Availability Attacks against Neural Networks

[2020.06.10] New research on using specially crafted inputs to slow down
machine-learning neural network systems:

Sponge Examples: Energy-Latency Attacks on Neural Networks shows how to find
adversarial examples that cause a DNN to burn more energy, take more time, or
both. They affect a wide range of DNN applications, from image recognition to
natural language processing (NLP). Adversaries might use these examples for all
sorts of mischief -- from draining mobile phone batteries, though degrading the
machine-vision systems on which self-driving cars rely, to jamming cognitive
radar.

So far, our most spectacular results are against NLP systems. By feeding them
confusing inputs we can slow them down over 100 times. There are already
examples in the real world where people pause or stumble when asked hard
questions but we now have a dependable method for generating such examples
automatically and at scale. We can also neutralize the performance improvements
of accelerators for computer vision tasks, and make them operate on their worst
case performance.

The paper.

** *** ***** ******* *********** *************

Another Intel Speculative Execution Vulnerability

[2020.06.11] Remember Spectre and Meltdown? Back in early 2018, I wrote:

Spectre and Meltdown are pretty catastrophic vulnerabilities, but they only
affect the confidentiality of data. Now that they -- and the research into the
Intel ME vulnerability -- have shown researchers where to look, more is coming
-- and what they'll find will be worse than either Spectre or Meltdown. There
will be vulnerabilities that will allow attackers to manipulate or delete data
across processes, potentially fatal in the computers controlling our cars or
implanted medical devices. These will be similarly impossible to fix, and the
only strategy will be to throw our devices away and buy new ones.

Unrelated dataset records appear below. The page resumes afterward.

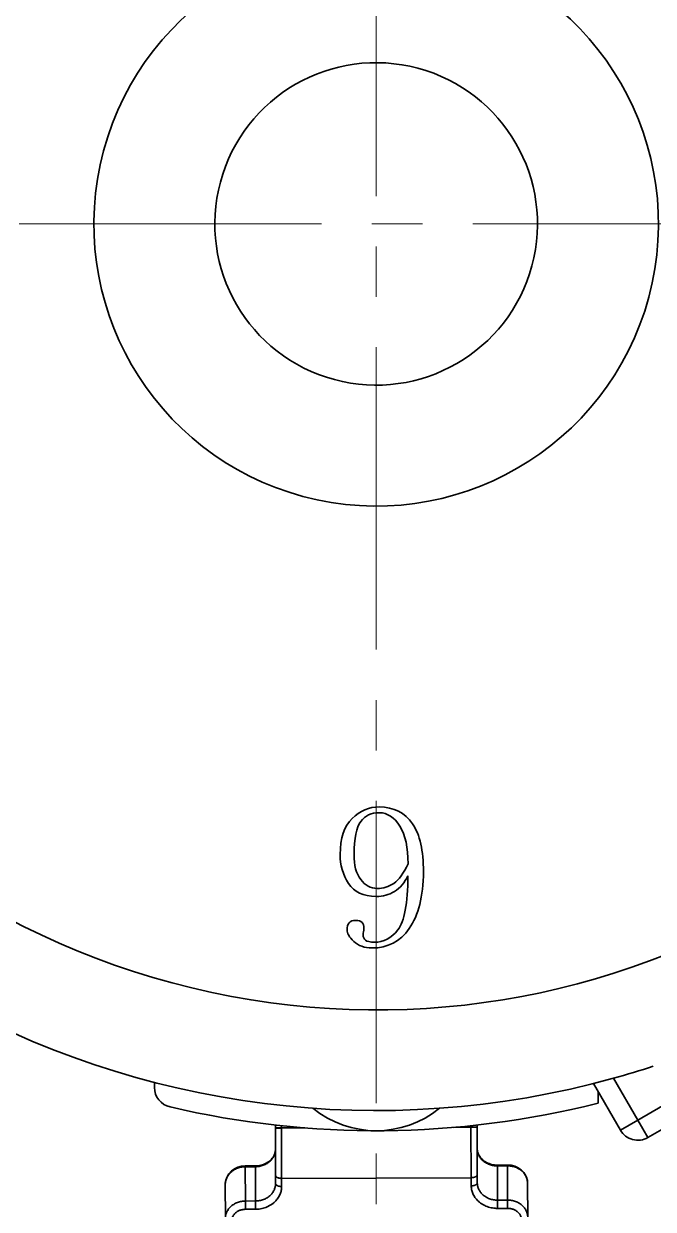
# Model space of a CAD drawing. Header units: millimetres. Extents: x -27384 to -11847, y 105622 to 113060.
# Drawn here: x -20653.7 to -20622.5, y 111159.2 to 111218 of the extents above; entities that cross this region are included whole.
import ezdxf

# ---------------------------------------------------------------- set-up
doc = ezdxf.new("R2010")
doc.units = ezdxf.units.MM
for name, pattern in [('CENTER2', [1.125, 0.75, -0.125, 0.125, -0.125]), ('DASHDOT', [25.4, 12.7, -6.35, 0, -6.35]), ('DASHED', [19.049999999999997, 12.7, -6.35]), ('HIDDEN', [9.524999999999999, 6.35, -3.175])]:
    doc.linetypes.add(name, pattern=pattern)
doc.layers.get('0').update_dxf_attribs({"color": 1, "linetype": 'DASHDOT'})
for name, color, linetype in [('01粗实线', 7, 'Continuous'), ('1', 4, 'Continuous'), ('3', 6, 'HIDDEN'), ('Default', 7, 'Continuous')]:
    doc.layers.add(name, color=color, linetype=linetype)
doc.layers.add('4虚线层', color=6, linetype='DASHED', lineweight=35)
doc.layers.add('图层3', color=7, linetype='Continuous', lineweight=35)

# ---------------------------------------------------------------- blocks, each defined once
blk = doc.blocks.new('G$CBB9FC1A2')
at = {"layer": 'Default', "color": 1, "linetype": 'CENTER2', "lineweight": 13, "ltscale": 20}
for p, q in [((3.637978807091713e-12, -66.1297639231343), (3.637978807091713e-12, 64.4583510189841)), ((64.7932927104739, 0), (-63.43283579474519, 1.455191522836685e-11))]:
    blk.add_line(p, q, dxfattribs=at)
at = {"layer": 'Default', "color": 7, "linetype": 'CENTER2', "lineweight": 13}
blk.add_circle((-1.818989403545856e-11, -2.91038304567337e-11), 61.63746783566022, dxfattribs=at)
at = {"layer": '图层3'}
for p, q in [((-10.99763279997569, -42.83934955888253), (-10.99763279997569, -42.59364868210105)), ((12.10508957859565, -44.96146538027097), (10.77138714165267, -42.6514249973261)), ((11.77259495476392, -42.38599819857336), (12.97092861371129, -44.46157298027538)), ((10.9976327999866, -43.04329397254332), (10.99763279998297, -43.62545823914115)), ((12.97092861371129, -44.46157298027538), (14.70260668394985, -43.46178818029875)), ((12.97092861371129, -44.46157298027538), (12.10508957859565, -44.96146538027097)), ((12.97092861371129, -44.46157298027538), (13.47082101371416, -45.32741201540921)), ((15.20249908394544, -44.32762721540348), (13.47082101371416, -45.32741201540921)), ((-4.998923999992257, -44.85547696707363), (-4.998923999995895, -44.71173551342508)), ((-4.998923999995895, -44.85654973698547), (-4.998923999992257, -44.85547696707363)), ((-4.998923999992257, -44.85547696707363), (-4.698988968186313, -44.85547696707363)), ((-4.998923999995895, -44.85654973698547), (-4.698989696822537, -44.85571979061933)), ((-4.992309109853522, -47.20586418961466), (-4.998923999995895, -44.85654973698547)), ((-4.998923999995895, -44.85654973698547), (-4.99838812989401, -45.50579279607337)), ((-4.698989696822537, -44.85571979061933), (-4.691838965743955, -47.35492938254902)), ((-4.698988963504235, -44.7442514776194), (-4.698988968186313, -44.85547696854337)), ((-4.698988968186313, -44.85547696854337), (-3.533912324717676, -44.85130987451703)), ((-4.698988559994177, -44.85547696844151), (-4.698988507891045, -44.8557197903574)), ((3.854654422910244, -44.82488341379212), (4.697008713123068, -44.82187059095304)), ((4.697008713123068, -44.82187059095304), (4.696455369758041, -44.74451747738931)), ((4.697009989798971, -44.82211340987124), (4.697008304945484, -44.82187059379066)), ((4.697008713123068, -44.82187059095304), (4.996936071147502, -44.81972508002946)), ((4.697009989791695, -44.82211340677168), (4.996943744936289, -44.82079782249639)), ((4.707738094919478, -47.32131020272209), (4.697009989798971, -44.82211340987124)), ((4.99616578064888, -44.71204380557174), (4.996936071147502, -44.81972508002946)), ((4.996936071147502, -44.81972508002946), (4.996943744932651, -44.82079782246728)), ((4.996943744932651, -44.82079782249639), (5.007134251372918, -47.1700994863495)), ((5.001052084724506, -45.47002810402773), (4.996943744932651, -44.82079782249639)), ((-4.99838812989401, -45.50579279607337), (-4.998387618470588, -45.50641209518653)), ((-4.992308627824968, -47.206035383977), (-4.998387618470588, -45.50641209518653)), ((-4.998387618470588, -45.50641209518653), (-4.998387618470588, -45.91093388918671)), ((5.001056003311533, -45.4706473909755), (5.001052084724506, -45.47002810402773)), ((5.007134993953514, -47.17027067975141), (5.001056003311533, -45.4706473909755)), ((5.003949647751142, -45.87515883536253), (5.001056003311533, -45.4706473909755)), ((-4.998387618470588, -45.91093388918671), (-4.992308627824968, -47.61055717794807)), ((5.010028638393123, -47.57478212412389), (5.003949647751142, -45.87515883536253)), ((-5.995217742565728, -46.73747787867615), (-6.492835133925837, -46.73925769158814)), ((-6.492835133925837, -46.73925769158814), (-6.492691410927364, -46.77944116403523)), ((-5.995074019570893, -46.77766135112324), (-6.492691410927364, -46.77944116403523)), ((-6.492691410927364, -46.77944116403523), (-6.486612420292658, -48.47906445279659)), ((-5.995217705643881, -46.73748820167384), (-5.995074019570893, -46.77766135112324)), ((-5.988995028928912, -48.4772846398846), (-5.995074019570893, -46.77766135112324)), ((6.504284133097826, -46.69277129256807), (6.006666741737718, -46.69455110548006)), ((6.006810464736191, -46.7347345779126), (6.006666741737718, -46.69455110548006)), ((6.504427856092661, -46.73295476500061), (6.006810464736191, -46.7347345779126)), ((6.006810464736191, -46.7347345779126), (6.012889455378172, -48.43435786667396)), ((6.504427856092661, -46.73295476500061), (6.504284133097826, -46.69277129256807)), ((6.510506846738281, -48.43257805377652), (6.504427856092661, -46.73295476500061)), ((-4.992308627824968, -47.206035383977), (-4.992309109853522, -47.20586418961466)), ((-4.992308627824968, -47.61055717794807), (-4.992308627824968, -47.206035383977)), ((4.707738094919478, -47.32131020272209), (-4.691838965743955, -47.35492938254902)), ((-4.691838965743955, -47.35492938254902), (-4.691837285914517, -47.35573395526444)), ((-4.691837285914517, -47.35573395526444), (-4.691837285910879, -47.76025574923551)), ((4.707742170441634, -47.32211476686643), (4.707738094919478, -47.32131020272209)), ((4.710635814888519, -47.72662621123891), (4.707742170441634, -47.32211476686643)), ((5.007134251372918, -47.1700994863495), (5.007134993953514, -47.17027067975141)), ((5.007134993953514, -47.17027067975141), (5.010028638393123, -47.57478212412389)), ((7.507303061440325, -47.59521238517482), (7.513382052082306, -49.29483567395073)), ((-7.48329402525269, -49.34847382667067), (-7.489373015894671, -47.64885053790931)), ((-6.486612420292658, -48.47906445279659), (-5.988995028928912, -48.4772846398846)), ((-6.486612420292658, -48.47906445279659), (-6.485146998704295, -48.88878126267809)), ((-5.988995028928912, -48.4772846398846), (-5.987529607344186, -48.8870014497661)), ((6.012889455378172, -48.43435786667396), (6.510506846738281, -48.43257805377652)), ((6.01435487695926, -48.84407467657002), (6.012889455378172, -48.43435786667396)), ((6.511972268323007, -48.84229486365803), (6.510506846738281, -48.43257805377652)), ((-5.987529607344186, -48.8870014497661), (-6.485146998704295, -48.88878126267809)), ((6.511972268323007, -48.84229486365803), (6.01435487695926, -48.84407467657002))]:
    blk.add_line(p, q, dxfattribs=at)
for radius in [38.9916072, 13.9969872, 7.998278399999999]:
    blk.add_circle((-1.818989403545856e-11, -2.91038304567337e-11), radius, dxfattribs=at)
for centre, radius, start, end in [((-1.818989403545856e-11, -2.91038304567337e-11), 43.99053119999999, 194.4775121859163, 285.5224878140298), ((-1.818989403545856e-11, -2.91038304567337e-11), 43.99053119999999, 285.5224878140298, 288.1971083097218), ((-9.997847999969963, -42.83934955888253), 0.9997847999998911, 180, 256.8634412125413), ((-1.818989403545856e-11, -2.91038304567337e-11), 44.99031600000003, 256.8634412130981, 284.1490045089447), ((-7.275957614183426e-12, -39.99139200019999), 4.998923999999973, 231.0322442495843, 308.9677557506502), ((12.9709286136931, -44.46157298030448), 0.9997848000000009, 209.9999999997313, 300.000000001051), ((-6.53554862015153, -47.6931546406995), 0.954852779992324, 87.43612892967138, 177.3405850020427), ((6.552869625975291, -47.64739457621181), 0.9558588618540915, 3.129443592472223, 92.91355123219832)]:
    blk.add_arc(centre, radius, start, end, dxfattribs=at)
for points, knots in [([(-1.190879692767339, -29.49840754980687), (-0.8005050489737187, -29.11829999145993), (-0.3528503795314464, -28.92392636995646), (0.8761229578085477, -28.93257297710807), (1.42528874002528, -29.20955541160947), (1.796965434368758, -29.75840780264116)], [0.2071199757832337, 0.2071199757832337, 0.2071199757832337, 0.2071199757832337, 0.2651708072772346, 0.2651708072772346, 0.347781605941774, 0.347781605941774, 0.347781605941774, 0.347781605941774]), ([(1.171832898791763, -29.88081471157784), (0.8955582618473272, -29.43772560219804), (0.5571014627748809, -29.2180785225064), (-0.2475834604883858, -29.2124170535244), (-0.5509792744887818, -29.35659606334229), (-0.7676206366813858, -29.64769903766864)], [0.399186053189804, 0.399186053189804, 0.399186053189804, 0.399186053189804, 0.6977723782712352, 0.6977723782712352, 1, 1, 1, 1]), ([(-1.374496865220863, -32.72089182736818), (-1.653154316245491, -32.28897383350704), (-1.79240325974024, -31.81080732113332), (-1.783001790059643, -30.4745426606969), (-1.58374060130518, -29.88093598264095), (-1.190879692767339, -29.49840754980687)], [0.06533017741148582, 0.06533017741148582, 0.06533017741148582, 0.06533017741148582, 0.1217356081506118, 0.1217356081506118, 0.2071199757832337, 0.2071199757832337, 0.2071199757832337, 0.2071199757832337]), ([(-0.7676206366813858, -29.64769903766864), (-0.9842619988739898, -29.93880201198044), (-1.095396258479013, -30.48425752158801), (-1.104763416224159, -31.81564530370815), (-0.9955117291174247, -32.2309691356204), (-0.768357163939072, -32.52519449582906)], [0, 0, 0, 0, 0.2661292168957535, 0.2661292168957535, 0.4430077817837849, 0.4430077817837849, 0.4430077817837849, 0.4430077817837849]), ([(1.796965434368758, -29.75840780264116), (2.167092888987099, -30.30497244208527), (2.348370659878128, -31.1034952136979), (2.332449922902015, -33.3663667554647), (2.096614438636607, -34.30599161091959), (1.638466955577314, -34.95630229638482)], [0.347781605941774, 0.347781605941774, 0.347781605941774, 0.347781605941774, 0.4501043528798682, 0.4501043528798682, 0.570681862182505, 0.570681862182505, 0.570681862182505, 0.570681862182505]), ([(-0.768357163939072, -32.52519449582906), (-0.5430404821345292, -32.81703931002994), (-0.2740036489958584, -32.96761336206691), (0.3404830196705007, -32.97193666563544), (0.6142058205441572, -32.88607432409481), (0.8690044109898736, -32.71716780331917)], [0.4430077817837849, 0.4430077817837849, 0.4430077817837849, 0.4430077817837849, 0.6183134734537016, 0.6183134734537016, 0.7776822840627153, 0.7776822840627153, 0.7776822840627153, 0.7776822840627153]), ([(-1.111847651118296, -35.59536325160298), (-1.33720395061755, -35.37674830638571), (-1.450415555191285, -35.19305739381525), (-1.448150967604306, -34.87118342450412), (-1.413155021022249, -34.74950164995971), (-1.349206611888803, -34.67191765192547)], [0.700597652846078, 0.700597652846078, 0.700597652846078, 0.700597652846078, 0.7222494668931716, 0.7222494668931716, 0.7439012809402654, 0.7439012809402654, 0.7439012809402654, 0.7439012809402654]), ([(-1.349206611888803, -34.67191765192547), (-1.283302133782854, -34.59196049632737), (-1.167938627557305, -34.55614211370994), (-0.8704490498676023, -34.55823514163785), (-0.7731173550055246, -34.58818265024456), (-0.7053214255502098, -34.65693931381975)], [0.7439012809402654, 0.7439012809402654, 0.7439012809402654, 0.7439012809402654, 0.7594472175484223, 0.7594472175484223, 0.7726377092159495, 0.7726377092159495, 0.7726377092159495, 0.7726377092159495]), ([(-0.7053214255502098, -34.65693931381975), (-0.6399467792944051, -34.72324038227089), (-0.6089504648225557, -34.82343941547151), (-0.6102543182860245, -35.00876079172303), (-0.6155086278740782, -35.06237214134308), (-0.6305166941019706, -35.11591486709949)], [0.7726377092159495, 0.7726377092159495, 0.7726377092159495, 0.7726377092159495, 0.786766897066181, 0.786766897066181, 0.7925232328570158, 0.7925232328570158, 0.7925232328570158, 0.7925232328570158]), ([(1.638466955577314, -34.95630229638482), (1.182626999780041, -35.60333759633068), (0.5635339043292333, -35.92904052589438), (-0.5874093798447575, -35.92094290966634), (-0.8890209733290249, -35.81152424673201), (-1.111847651118296, -35.59536325160298)], [0.570681862182505, 0.570681862182505, 0.570681862182505, 0.570681862182505, 0.6582098736888948, 0.6582098736888948, 0.700597652846078, 0.700597652846078, 0.700597652846078, 0.700597652846078]), ([(-0.6305166941019706, -35.11591486709949), (-0.6451784203491115, -35.1682219914801), (-0.6507790699215548, -35.22306894247595), (-0.6518770517832309, -35.37912904878613), (-0.6134796400001505, -35.46718735406466), (-0.5310530755741638, -35.53604695343529)], [0.7925232328570158, 0.7925232328570158, 0.7925232328570158, 0.7925232328570158, 0.7990007125552878, 0.7990007125552878, 0.8113668101610796, 0.8113668101610796, 0.8113668101610796, 0.8113668101610796]), ([(-0.5310530755741638, -35.53604695343529), (-0.4538950132082391, -35.60050521760422), (-0.3074029113922734, -35.6351628688135), (0.3607294188295782, -35.63986360366107), (0.7523207858430396, -35.43777966876223), (1.07223439113659, -35.02547528696596)], [0.8113668101610796, 0.8113668101610796, 0.8113668101610796, 0.8113668101610796, 0.8354381217057852, 0.8354381217057852, 0.8863161211070942, 0.8863161211070942, 0.8863161211070942, 0.8863161211070942]), ([(-4.998388098079886, -45.91066569971736), (-4.999815178551216, -45.94851696223486), (-5.005495334284205, -46.05497083145019), (-5.070999496248987, -46.24925225833431), (-5.229325467047602, -46.45549544286041), (-5.452413129889464, -46.61607513316267), (-5.721234841224941, -46.71790163668629), (-5.896127421448909, -46.73146213089058), (-5.995217742565728, -46.7374778786907)], [0, 0, 0, 0, 0.08379726751546487, 0.2763978004044826, 0.4660961375926472, 0.6503712509146646, 0.8312123367020222, 1, 1, 1, 1]), ([(6.006666741737718, -46.69455110548006), (5.956165500847419, -46.69327529123984), (5.824240319117962, -46.68857857394323), (5.588319343696639, -46.6323068721249), (5.348194677757419, -46.50629327892966), (5.159588453898323, -46.33016390990815), (5.039537097494758, -46.12488009537628), (5.005763430363004, -45.9626635510358), (5.004103374903934, -45.88426578394137), (5.003948208926886, -45.87489064931287)], [0, 0, 0, 0, 0.08581549838839525, 0.2631955536296118, 0.4406450398305818, 0.6184408718902039, 0.798246142903925, 0.9792625842782127, 1, 1, 1, 1])]:
    blk.add_open_spline(points, degree=3, knots=knots, dxfattribs=at)
for points in [[(1.578171588022087, -31.74185617879266), (1.583798745061358, -30.94204813387478), (1.446726889207639, -30.32168954081135), (1.171832898791763, -29.88081471157784)], [(0.8690044109898736, -32.71716780331917), (1.126072777624358, -32.54675664313254), (1.360226372380566, -32.21828052938508), (1.578171588022087, -31.74185617879266)], [(1.573951220252638, -32.34171221251017), (1.410578088351031, -32.68683827962377), (1.189300031368475, -32.94376879374613), (0.9052058590568777, -33.11734632124717)], [(1.07223439113659, -35.02547528696596), (1.39158919538022, -34.61389108750154), (1.564240943178447, -33.72186877786589), (1.573951220252638, -32.34171221251017)], [(0.001164836885436671, -33.36947316471196), (-0.637706223402347, -33.36497830148437), (-1.099499939009547, -33.14713602162374), (-1.374496865220863, -32.72089182736818)], [(0.9052058590568777, -33.11734632124717), (0.6246476227897801, -33.2887634417566), (0.3230388061892882, -33.37173775231349), (0.001164836885436671, -33.36947316471196)]]:
    blk.add_open_spline(points, degree=3, dxfattribs=at)
for points, weights in [([(-5.995074019567255, -46.77766135112324), (-4.99838761846695, -46.77409653335053), (-4.998387618470588, -45.91093388918671)], [1, 0.7082010560979363, 1]), ([(5.003949647751142, -45.87515883537708), (5.010124063639523, -46.73829939569987), (6.006810464736191, -46.73473457792716)], [1, 0.7082010561008977, 1]), ([(-6.492691410927364, -46.77944116403523), (-7.492469816086668, -46.78301704087062), (-7.489373015898309, -47.64885053792386)], [1, 0.7071067811864922, 1]), ([(7.507303061440325, -47.59521238518937), (7.504206261251966, -46.72937888816524), (6.504427856092661, -46.73295476501517)], [1, 0.7071067811866161, 1]), ([(-5.98899502893255, -48.47728463989915), (-4.992308627824968, -48.47371982211189), (-4.992308627828606, -47.61055717794807)], [1, 0.7082010560978726, 1]), ([(-4.992309109853522, -47.20586418965831), (-4.99177273710302, -47.35583080153447), (-4.691838965743955, -47.35492938238895)], [1, 0.7071071323242069, 1]), ([(-4.992308627824968, -47.20603538396244), (-4.991772246310575, -47.35600214474835), (-4.691837285914517, -47.35573395526444)], [1, 0.7071067811740214, 1]), ([(-4.992308627828606, -47.61055717794807), (-4.991772246306937, -47.76052393873397), (-4.691837285910879, -47.76025574923551)], [1, 0.7071067811748881, 1]), ([(4.707738094919478, -47.32131020272209), (5.007670640727156, -47.32006609834207), (5.007134251372918, -47.17009948633495)], [1, 0.7071071321825743, 1]), ([(4.707742170441634, -47.32211476686643), (5.007671375478822, -47.32023744053731), (5.007134993957152, -47.17027067975141)], [1, 0.7071067811875945, 1]), ([(4.710635814884881, -47.72662621123891), (5.010565019940259, -47.72474888488068), (5.010028638389485, -47.57478212412389)], [1, 0.7071067811600498, 1]), ([(5.010028638389485, -47.57478212413844), (5.016203054274229, -48.43792268444668), (6.012889455374534, -48.43435786667396)], [1, 0.7082010561006936, 1]), ([(-5.987529607347824, -48.8870014497661), (-4.691837285914517, -48.88236718665576), (-4.691837285910879, -47.76025574925006)], [1, 0.7082010560994445, 1]), ([(4.710635814884881, -47.72662621123891), (4.71866255552959, -48.84870893965126), (6.01435487695926, -48.84407467655546)], [1, 0.7082010560995206, 1]), ([(-6.486612420292658, -48.47906445279659), (-7.486390825444687, -48.48264032964653), (-7.48329402525269, -49.34847382667067)], [1, 0.7071067811865217, 1]), ([(7.513382052082306, -49.29483567395073), (7.510285251897584, -48.42900217694114), (6.510506846734643, -48.43257805377652)], [1, 0.7071067811865995, 1]), ([(-6.485146998704295, -48.88878126269265), (-7.184991882309986, -48.89128437647015), (-7.182824122177408, -49.49736782438413)], [1, 0.7071067811864746, 1]), ([(7.213984912061278, -49.44587519776542), (7.211817151932337, -48.83979174986599), (6.511972268323007, -48.84229486367258)], [1, 0.7071067811864604, 1])]:
    blk.add_rational_spline(points, weights, degree=2, dxfattribs=at)
blk = doc.blocks.new('G$C6C638B4C')
blk.add_lwpolyline([(-1.818989403545856e-11, -2.91038304567337e-11), (639.9999999999891, -2.91038304567337e-11), (640.0000000000036, -600.0000000000146), (-7.275957614183426e-12, -600.0000000000291)], close=True)
at = {"layer": '1'}
blk.add_lwpolyline([(-20.00000000001455, 19.99999999995634), (659.9999999999745, 19.9999999999709), (659.9999999999854, -620.0000000000146), (-19.99999999999636, -620.0000000000437)], close=True, dxfattribs=at)
at = {"layer": '3'}
blk.add_lwpolyline([(19.99999999999272, -20.00000000004366), (620, -20.00000000004366), (619.9999999999927, -580.0000000000146), (19.99999999999636, -580.0000000000437)], close=True, dxfattribs=at)

msp = doc.modelspace()

# ---------------------------------------------------------------- linework, layer by layer
at = {"layer": '1', "lineweight": -3, "ltscale": 2, "extrusion": (-0.004685415688226654, -0.01745240643729067, 0.9998367168639969), "elevation": -761.7737618122727}
msp.add_lwpolyline([(-55762.41944096141, 102096.2621256225), (-45696.27557504938, 104799.1427234042), (-43767.03463448276, 97614.2094060799), (-53833.17850039472, 94911.32880829813)], close=True, dxfattribs=at)
at = {"layer": '1', "extrusion": (-0.004685415688226654, -0.01745240643729067, 0.9998367168639969), "const_width": 9.147440893432856, "elevation": -761.7737618122732}
msp.add_lwpolyline([(-53581.19831907854, 95088.87696726886), (-43888.4841354353, 97691.48720767391), (-45759.11024572644, 104658.1255271676), (-55451.82442936971, 102055.5152867626), (-53581.19831907854, 95088.87696726886)], dxfattribs=at)
at = {"layer": '1', "lineweight": -3, "ltscale": 0.5, "extrusion": (-0.004685415688226654, -0.01745240643729067, 0.9998367168639969)}
msp.add_circle((-48765.26616640461, 102058.4889860315, -679.1051985372392), 59.99999999999986, dxfattribs=at)
at = {"layer": '4虚线层', "lineweight": -3, "ltscale": 0.5, "extrusion": (-0.004685415688226654, -0.01745240643729067, 0.9998367168639969)}
msp.add_circle((-48765.26616640461, 102058.4889860315, -679.1051985372405), 79.9999999999997, dxfattribs=at)

# ---------------------------------------------------------------- block references
at = {"layer": '01粗实线', "lineweight": -3, "ltscale": 2, "extrusion": (-0.004685415688226654, -0.01745240643729066, 0.9998367168639969), "rotation": 15.03008309191162}
for name, p in [('G$C6C638B4C', (-49137.35744931624, 102439.593784045, -679.1051985372569)), ('G$CBB9FC1A2', (-48765.26616640456, 102058.4889860317, -679.1051985372342))]:
    msp.add_blockref(name, p, dxfattribs=at)

doc.saveas('drawing.dxf')

That has turned out to be true. Here's a new vulnerability:

On Tuesday, two separate academic teams disclosed two new and distinctive
exploits that pierce Intel's Software Guard eXtension, by far the most sensitive
region of the company's processors.

[...]

The new SGX attacks are known as SGAxe and CrossTalk. Both break into the
fortified CPU region using separate side-channel attacks, a class of hack that
infers sensitive data by measuring timing differences, power consumption,
electromagnetic radiation, sound, or other information from the systems that
store it. The assumptions for both attacks are roughly the same. An attacker has
already broken the security of the target machine through a software exploit or
a malicious virtual machine that compromises the integrity of the system. While
that's a tall bar, it's precisely the scenario that SGX is supposed to defend
against.

Another news article.

** *** ***** ******* *********** *************

Facebook Helped Develop a Tails Exploit

[2020.06.12] This is a weird story:

Hernandez was able to evade capture for so long because he used Tails, a version
of Linux designed for users at high risk of surveillance and which routes all
inbound and outbound connections through the open-source Tor network to
anonymize it. According to Vice, the FBI had tried to hack into Hernandez's
computer but failed, as the approach they used "was not tailored for Tails."
Hernandez then proceeded to mock the FBI in subsequent messages, two Facebook
employees told Vice.

Facebook had tasked a dedicated employee to unmasking Hernandez, developed an
automated system to flag recently created accounts that messaged minors, and
made catching Hernandez a priority for its security teams, according to Vice.
They also paid a third party contractor "six figures" to help develop a zero-day
exploit in Tails: a bug in its video player that enabled them to retrieve the
real I.P. address of a person viewing a clip. Three sources told Vice that an
intermediary passed the tool onto the FBI, who then obtained a search warrant to
have one of the victims send a modified video file to Hernandez (a tactic the
agency has used before).

[...]

Facebook also never notified the Tails team of the flaw -- breaking with a long
industry tradition of disclosure in which the relevant developers are notified
of vulnerabilities in advance of them becoming public so they have a chance at
implementing a fix. Sources told Vice that since an upcoming Tails update was
slated to strip the vulnerable code, Facebook didn't bother to do so, though the
social media company had no reason to believe Tails developers had ever
discovered the bug.

[...]

"The only acceptable outcome to us was Buster Hernandez facing accountability
for his abuse of young girls," a Facebook spokesperson told Vice.. "This was a
unique case, because he was using such sophisticated methods to hide his
identity, that we took the extraordinary steps of working with security experts
to help the FBI bring him to justice."

I agree with that last paragraph. I'm fine with the FBI using vulnerabilities:
lawful hacking, it's called. I'm less okay with Facebook paying for a Tails
exploit, giving it to the FBI, and then keeping its existence secret.

Another article.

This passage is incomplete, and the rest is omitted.